E non si tratta solo di linee diverse in momenti diversi, cosa che ci può stare (magari a patto di spiegare meglio il perché), ma addirittura di linee diverse nello stesso momento. Roba da far invidia alla “doppiezza” di Palmiro Togliatti, perché, a leggere certi commenti, le posizioni emerse dal congresso a Padova sono almeno tre. E la scelta fra queste, di volta in volte e a seconda delle circostanze, può ricordare la domanda di Mike Bongiorno ai concorrenti che entravano in cabina per la domanda del raddoppio finale: “Quale busta vuole, la Uno, la Due o la Tre?” (quest’ultima da pronunciare con la “e” finale ben aperta),
La prima linea è quella dell’unità sindacale sancita dalla piattaforma appena varata con Cgil e Cisl che, prevediamo, porterà ad annunciare un nuovo accordo “storico”. Come tutti quelli che, da trent’anni, tengono i salari fermi (perché questo dice la storia dei fatti).

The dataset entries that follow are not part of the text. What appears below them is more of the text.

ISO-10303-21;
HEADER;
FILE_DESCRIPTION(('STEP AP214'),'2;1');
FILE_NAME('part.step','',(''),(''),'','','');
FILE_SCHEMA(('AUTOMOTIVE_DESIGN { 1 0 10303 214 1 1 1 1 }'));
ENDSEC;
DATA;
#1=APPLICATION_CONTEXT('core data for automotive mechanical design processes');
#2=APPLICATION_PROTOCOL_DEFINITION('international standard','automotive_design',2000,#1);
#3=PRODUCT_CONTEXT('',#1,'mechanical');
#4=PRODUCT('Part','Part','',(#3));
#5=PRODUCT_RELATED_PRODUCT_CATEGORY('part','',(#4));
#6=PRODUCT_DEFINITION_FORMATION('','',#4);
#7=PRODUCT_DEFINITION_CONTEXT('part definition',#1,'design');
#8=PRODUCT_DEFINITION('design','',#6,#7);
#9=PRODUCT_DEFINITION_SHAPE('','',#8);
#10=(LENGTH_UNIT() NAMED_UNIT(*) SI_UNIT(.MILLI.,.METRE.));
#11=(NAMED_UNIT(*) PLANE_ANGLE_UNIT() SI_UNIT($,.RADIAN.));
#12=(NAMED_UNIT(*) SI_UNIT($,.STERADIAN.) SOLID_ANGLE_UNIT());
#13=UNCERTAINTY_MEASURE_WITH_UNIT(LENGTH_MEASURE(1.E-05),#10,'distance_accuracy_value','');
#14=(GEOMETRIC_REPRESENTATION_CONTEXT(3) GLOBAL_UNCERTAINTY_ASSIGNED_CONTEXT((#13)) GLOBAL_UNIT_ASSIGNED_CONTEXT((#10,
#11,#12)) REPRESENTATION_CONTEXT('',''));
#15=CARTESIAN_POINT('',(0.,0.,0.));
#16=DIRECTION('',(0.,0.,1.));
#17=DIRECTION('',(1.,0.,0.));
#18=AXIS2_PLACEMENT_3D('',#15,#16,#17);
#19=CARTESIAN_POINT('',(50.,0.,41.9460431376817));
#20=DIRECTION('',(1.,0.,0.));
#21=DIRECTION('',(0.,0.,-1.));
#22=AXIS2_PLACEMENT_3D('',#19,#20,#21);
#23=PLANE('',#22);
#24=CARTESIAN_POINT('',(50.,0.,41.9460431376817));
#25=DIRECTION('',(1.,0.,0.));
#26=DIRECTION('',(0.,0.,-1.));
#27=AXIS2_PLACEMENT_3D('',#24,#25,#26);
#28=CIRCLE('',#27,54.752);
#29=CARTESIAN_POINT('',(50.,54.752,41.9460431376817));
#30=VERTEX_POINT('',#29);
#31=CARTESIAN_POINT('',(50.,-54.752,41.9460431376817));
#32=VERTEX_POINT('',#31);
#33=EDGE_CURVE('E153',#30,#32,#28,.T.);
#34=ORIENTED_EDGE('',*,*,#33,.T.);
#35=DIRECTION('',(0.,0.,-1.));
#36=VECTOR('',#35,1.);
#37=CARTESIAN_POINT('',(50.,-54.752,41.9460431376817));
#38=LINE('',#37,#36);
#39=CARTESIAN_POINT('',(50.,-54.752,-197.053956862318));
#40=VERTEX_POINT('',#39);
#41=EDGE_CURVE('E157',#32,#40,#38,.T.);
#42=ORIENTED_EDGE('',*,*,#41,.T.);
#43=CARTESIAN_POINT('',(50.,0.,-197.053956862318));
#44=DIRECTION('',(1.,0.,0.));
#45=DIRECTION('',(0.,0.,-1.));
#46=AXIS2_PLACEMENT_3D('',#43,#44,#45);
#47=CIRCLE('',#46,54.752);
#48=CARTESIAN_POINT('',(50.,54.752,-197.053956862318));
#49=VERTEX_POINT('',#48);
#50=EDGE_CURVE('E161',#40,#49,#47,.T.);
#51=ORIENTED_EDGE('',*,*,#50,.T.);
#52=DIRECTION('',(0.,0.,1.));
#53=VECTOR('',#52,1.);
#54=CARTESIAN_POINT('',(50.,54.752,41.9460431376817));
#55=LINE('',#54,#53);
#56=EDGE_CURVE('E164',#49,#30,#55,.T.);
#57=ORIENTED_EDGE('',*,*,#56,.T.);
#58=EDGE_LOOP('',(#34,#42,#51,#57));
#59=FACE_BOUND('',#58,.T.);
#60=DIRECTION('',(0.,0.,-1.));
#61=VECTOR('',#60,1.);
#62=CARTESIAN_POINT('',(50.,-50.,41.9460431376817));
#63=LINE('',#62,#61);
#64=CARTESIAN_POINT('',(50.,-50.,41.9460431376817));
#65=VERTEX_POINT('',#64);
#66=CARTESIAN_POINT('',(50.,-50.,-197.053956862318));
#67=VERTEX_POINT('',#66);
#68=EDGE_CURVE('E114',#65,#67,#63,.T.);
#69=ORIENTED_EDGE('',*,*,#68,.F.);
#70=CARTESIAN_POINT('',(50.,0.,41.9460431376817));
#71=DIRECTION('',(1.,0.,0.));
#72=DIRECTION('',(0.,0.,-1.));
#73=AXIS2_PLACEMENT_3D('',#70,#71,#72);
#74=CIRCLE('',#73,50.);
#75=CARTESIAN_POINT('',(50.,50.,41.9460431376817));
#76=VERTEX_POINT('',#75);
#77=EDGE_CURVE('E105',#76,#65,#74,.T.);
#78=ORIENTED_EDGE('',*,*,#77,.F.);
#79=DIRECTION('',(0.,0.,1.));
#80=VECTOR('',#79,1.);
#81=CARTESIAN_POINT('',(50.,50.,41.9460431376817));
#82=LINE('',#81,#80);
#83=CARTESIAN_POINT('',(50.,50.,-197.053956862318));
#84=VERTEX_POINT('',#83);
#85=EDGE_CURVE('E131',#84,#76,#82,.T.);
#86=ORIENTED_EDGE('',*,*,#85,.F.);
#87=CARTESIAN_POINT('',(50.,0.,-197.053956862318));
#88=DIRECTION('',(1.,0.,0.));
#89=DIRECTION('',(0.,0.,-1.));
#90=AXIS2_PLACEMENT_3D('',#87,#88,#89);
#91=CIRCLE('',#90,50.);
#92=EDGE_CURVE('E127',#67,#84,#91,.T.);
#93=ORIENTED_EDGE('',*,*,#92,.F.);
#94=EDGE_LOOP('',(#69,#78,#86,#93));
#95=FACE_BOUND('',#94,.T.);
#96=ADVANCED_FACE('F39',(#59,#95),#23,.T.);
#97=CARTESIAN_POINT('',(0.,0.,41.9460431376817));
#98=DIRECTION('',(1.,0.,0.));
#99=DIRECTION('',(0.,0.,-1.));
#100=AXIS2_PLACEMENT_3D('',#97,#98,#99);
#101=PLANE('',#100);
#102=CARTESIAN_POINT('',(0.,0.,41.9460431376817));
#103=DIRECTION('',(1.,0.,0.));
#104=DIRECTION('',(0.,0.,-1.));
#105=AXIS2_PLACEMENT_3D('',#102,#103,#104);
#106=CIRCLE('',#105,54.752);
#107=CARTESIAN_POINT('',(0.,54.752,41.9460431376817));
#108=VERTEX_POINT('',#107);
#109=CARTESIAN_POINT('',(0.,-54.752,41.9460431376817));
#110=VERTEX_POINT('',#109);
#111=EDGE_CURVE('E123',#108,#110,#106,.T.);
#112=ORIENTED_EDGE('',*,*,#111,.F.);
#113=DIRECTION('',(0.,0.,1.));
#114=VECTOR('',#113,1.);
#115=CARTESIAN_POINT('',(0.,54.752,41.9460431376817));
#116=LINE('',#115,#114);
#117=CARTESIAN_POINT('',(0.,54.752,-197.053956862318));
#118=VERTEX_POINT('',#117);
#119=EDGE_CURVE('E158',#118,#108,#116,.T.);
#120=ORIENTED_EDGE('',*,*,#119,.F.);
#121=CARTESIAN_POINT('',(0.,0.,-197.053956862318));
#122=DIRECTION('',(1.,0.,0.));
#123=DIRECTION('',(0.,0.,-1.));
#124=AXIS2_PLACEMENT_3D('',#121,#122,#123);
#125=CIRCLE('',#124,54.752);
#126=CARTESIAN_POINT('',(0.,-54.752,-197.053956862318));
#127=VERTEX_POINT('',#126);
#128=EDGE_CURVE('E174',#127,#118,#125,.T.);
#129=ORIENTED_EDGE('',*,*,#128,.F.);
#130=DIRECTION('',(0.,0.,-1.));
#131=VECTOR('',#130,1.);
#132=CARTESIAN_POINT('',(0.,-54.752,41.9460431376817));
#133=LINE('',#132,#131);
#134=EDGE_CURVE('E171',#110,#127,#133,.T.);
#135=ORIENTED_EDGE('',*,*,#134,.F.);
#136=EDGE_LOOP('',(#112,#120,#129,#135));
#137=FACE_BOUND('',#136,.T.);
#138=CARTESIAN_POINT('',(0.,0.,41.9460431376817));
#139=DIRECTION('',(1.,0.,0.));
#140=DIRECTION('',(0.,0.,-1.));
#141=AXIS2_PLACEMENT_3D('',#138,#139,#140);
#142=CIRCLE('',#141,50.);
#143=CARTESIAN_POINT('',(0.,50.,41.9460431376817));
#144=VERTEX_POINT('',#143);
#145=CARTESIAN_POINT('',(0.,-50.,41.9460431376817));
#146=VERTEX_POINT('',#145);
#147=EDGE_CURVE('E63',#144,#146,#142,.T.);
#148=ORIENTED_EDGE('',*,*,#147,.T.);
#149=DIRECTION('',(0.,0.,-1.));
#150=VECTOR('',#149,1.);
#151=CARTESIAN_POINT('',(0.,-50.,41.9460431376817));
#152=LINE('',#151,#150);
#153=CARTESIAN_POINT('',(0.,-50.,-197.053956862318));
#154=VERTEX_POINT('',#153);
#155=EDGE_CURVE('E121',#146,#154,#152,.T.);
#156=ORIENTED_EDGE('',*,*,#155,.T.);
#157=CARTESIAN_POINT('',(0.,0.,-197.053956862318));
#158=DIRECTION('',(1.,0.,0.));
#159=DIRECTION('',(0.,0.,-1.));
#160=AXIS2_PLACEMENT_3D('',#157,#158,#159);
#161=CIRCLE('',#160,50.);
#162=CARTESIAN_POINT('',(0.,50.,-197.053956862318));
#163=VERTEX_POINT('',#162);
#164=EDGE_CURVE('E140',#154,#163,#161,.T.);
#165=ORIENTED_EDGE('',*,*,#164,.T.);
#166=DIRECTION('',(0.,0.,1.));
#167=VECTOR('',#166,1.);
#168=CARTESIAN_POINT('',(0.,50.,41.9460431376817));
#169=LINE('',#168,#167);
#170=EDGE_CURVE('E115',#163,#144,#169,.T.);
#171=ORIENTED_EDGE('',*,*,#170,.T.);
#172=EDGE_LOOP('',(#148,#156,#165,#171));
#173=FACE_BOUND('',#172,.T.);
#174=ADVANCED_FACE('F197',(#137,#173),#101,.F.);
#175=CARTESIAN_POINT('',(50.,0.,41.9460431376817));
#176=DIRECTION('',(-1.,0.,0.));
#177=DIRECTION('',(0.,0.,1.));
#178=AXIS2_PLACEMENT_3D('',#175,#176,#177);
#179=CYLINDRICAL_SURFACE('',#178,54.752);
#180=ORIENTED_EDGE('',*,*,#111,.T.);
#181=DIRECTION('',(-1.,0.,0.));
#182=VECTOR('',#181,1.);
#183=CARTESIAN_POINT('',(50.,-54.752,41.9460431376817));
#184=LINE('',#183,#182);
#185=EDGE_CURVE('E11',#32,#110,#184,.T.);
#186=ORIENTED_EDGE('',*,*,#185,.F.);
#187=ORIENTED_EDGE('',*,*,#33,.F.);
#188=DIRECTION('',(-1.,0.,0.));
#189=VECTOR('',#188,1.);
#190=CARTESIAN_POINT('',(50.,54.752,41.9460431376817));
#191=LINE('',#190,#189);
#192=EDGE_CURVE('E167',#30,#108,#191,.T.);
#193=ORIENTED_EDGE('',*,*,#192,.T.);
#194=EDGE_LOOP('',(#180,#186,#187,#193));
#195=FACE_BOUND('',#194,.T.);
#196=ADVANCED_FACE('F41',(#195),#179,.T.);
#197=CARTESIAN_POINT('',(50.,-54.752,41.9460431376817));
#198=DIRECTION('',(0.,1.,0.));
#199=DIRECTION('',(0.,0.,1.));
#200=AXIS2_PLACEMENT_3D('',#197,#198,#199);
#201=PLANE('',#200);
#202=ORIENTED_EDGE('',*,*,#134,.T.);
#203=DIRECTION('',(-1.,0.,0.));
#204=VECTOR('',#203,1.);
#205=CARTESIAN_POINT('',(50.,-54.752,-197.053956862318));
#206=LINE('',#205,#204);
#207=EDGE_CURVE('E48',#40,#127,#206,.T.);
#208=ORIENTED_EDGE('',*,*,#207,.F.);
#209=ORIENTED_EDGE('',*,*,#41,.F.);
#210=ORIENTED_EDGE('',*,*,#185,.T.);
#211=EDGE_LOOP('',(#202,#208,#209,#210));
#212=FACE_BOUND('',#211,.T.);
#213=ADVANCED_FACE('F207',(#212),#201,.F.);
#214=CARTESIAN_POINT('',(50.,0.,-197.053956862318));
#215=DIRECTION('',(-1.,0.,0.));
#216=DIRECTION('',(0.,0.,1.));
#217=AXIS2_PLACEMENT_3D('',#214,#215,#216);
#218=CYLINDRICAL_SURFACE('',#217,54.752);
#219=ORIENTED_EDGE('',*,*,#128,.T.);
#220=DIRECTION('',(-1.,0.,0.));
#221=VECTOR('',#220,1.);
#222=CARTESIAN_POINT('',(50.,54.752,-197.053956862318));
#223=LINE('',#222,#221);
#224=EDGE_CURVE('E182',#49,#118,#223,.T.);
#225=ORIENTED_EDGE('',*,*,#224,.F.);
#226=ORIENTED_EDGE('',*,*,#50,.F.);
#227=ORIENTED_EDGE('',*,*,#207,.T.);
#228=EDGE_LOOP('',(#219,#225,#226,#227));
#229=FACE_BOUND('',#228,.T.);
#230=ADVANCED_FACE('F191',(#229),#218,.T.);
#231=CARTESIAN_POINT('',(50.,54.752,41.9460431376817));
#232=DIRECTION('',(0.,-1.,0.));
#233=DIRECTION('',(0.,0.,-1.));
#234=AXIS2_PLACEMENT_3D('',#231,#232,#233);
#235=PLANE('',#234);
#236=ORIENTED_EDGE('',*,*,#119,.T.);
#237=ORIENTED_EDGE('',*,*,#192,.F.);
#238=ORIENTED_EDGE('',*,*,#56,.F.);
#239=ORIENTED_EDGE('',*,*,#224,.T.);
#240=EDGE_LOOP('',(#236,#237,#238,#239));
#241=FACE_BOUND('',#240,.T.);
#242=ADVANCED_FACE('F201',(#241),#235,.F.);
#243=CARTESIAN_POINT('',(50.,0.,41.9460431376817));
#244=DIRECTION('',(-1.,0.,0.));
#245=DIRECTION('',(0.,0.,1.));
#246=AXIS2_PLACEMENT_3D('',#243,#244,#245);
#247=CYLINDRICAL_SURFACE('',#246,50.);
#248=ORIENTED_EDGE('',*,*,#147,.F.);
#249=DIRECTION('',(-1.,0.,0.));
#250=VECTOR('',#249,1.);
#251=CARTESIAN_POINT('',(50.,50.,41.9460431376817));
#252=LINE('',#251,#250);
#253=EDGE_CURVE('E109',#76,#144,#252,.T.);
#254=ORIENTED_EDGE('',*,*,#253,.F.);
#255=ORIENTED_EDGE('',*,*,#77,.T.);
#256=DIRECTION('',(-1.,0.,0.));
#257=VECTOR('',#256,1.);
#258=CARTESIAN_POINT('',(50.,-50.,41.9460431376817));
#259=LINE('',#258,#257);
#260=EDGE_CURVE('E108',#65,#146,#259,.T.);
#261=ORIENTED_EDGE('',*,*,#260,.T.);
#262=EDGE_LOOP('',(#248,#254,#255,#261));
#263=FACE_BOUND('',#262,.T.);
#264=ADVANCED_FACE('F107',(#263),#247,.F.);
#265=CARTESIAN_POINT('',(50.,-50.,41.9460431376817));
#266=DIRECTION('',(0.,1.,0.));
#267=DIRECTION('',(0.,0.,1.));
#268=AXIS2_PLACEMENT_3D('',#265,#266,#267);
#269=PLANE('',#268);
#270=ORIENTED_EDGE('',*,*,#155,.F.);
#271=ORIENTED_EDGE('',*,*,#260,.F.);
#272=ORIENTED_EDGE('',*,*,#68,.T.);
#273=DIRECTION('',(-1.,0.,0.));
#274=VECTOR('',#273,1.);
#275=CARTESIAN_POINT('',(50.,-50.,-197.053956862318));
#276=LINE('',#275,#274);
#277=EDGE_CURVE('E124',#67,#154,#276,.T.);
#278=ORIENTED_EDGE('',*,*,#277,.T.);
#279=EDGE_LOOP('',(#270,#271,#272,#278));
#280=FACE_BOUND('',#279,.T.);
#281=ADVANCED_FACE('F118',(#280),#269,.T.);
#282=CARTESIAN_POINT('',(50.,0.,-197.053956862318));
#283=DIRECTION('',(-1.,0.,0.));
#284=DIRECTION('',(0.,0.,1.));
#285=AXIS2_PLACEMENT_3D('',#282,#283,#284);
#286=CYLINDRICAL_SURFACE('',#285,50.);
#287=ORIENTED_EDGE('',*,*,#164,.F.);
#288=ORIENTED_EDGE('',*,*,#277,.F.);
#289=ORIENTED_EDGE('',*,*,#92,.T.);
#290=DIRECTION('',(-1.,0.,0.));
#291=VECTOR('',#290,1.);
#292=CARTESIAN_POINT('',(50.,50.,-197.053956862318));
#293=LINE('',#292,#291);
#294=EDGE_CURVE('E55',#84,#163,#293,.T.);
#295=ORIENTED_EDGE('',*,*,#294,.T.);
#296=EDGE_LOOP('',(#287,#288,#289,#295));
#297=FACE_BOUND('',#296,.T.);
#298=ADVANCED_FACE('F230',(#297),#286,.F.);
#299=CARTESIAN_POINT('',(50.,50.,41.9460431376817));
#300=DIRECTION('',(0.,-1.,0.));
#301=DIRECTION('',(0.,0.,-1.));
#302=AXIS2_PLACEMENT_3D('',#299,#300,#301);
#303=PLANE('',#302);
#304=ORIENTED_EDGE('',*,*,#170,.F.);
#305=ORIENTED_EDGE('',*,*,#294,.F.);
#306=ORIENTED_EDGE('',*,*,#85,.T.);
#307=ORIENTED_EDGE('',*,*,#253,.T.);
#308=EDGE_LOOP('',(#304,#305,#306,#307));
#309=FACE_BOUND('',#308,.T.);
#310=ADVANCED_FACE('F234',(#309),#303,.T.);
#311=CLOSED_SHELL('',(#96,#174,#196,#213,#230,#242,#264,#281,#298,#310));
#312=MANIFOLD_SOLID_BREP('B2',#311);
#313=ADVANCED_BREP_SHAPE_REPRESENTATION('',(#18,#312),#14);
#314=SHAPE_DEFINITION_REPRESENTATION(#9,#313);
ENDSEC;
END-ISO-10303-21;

Un’altra linea è quella che sul Domani d’Italia ci spiega Giorgio Merlo, l’autore dei commenti più “Cisl-friendly” di questa testata dove ne compaiono anche altri di orientamento diverso. Secondo Merlo, l’unità sindacale che esce dal congresso della Uil è quella che si farà sulla linea della Cisl (cioè un’unità senza la Cgil) grazie all’autonomia dalla politica che a noi sembra, per la verità, assomigliare più a una disponibilità a priori verso il governo Meloni, uguale e contraria all’indisponibilità a priori della Cgil. Come si è visto nella storia del “salario giusto” che è l’ennesima non soluzione per la questione salariale e che può essere apprezzata solo da chi non vuole toccare il sistema attuale per non rischiare di perdere posizioni di potere (perché l’autonomia dai partiti e dai governi è importante, ma se non è autonomia di pensiero si piega facilmente a conservatorismo).
Poi c’è la terza linea, e ce la spiega il blog di Enrico Giacinto, uno che sa ascoltare quel che si dice nei congressi e non si limita a leggere i comunicati (sempre un po’ falsificatori) degli uffici stampa: la Uil punta a diventare la prima confederazione. Vuole battere sia la Cisl che la Cgil. Un obiettivo possibile, ha spiegato il segretario organizzativo Emanuele Ronzoni, solo se riuscisse a trasformare i consensi nelle elezioni per le Rsu in adesioni sindacali.
Da “stato d’animo” a “prima confederazione italiana” il salto è grande. E forse quella di Ronzoni è solo una sparata congressuale. E però anche la Uila sembrava un nanetto fra la Fai-Cisl e la Flai-Cgil, poi, almeno fra i lavoratori agricoli, è diventata la prima organizzazione.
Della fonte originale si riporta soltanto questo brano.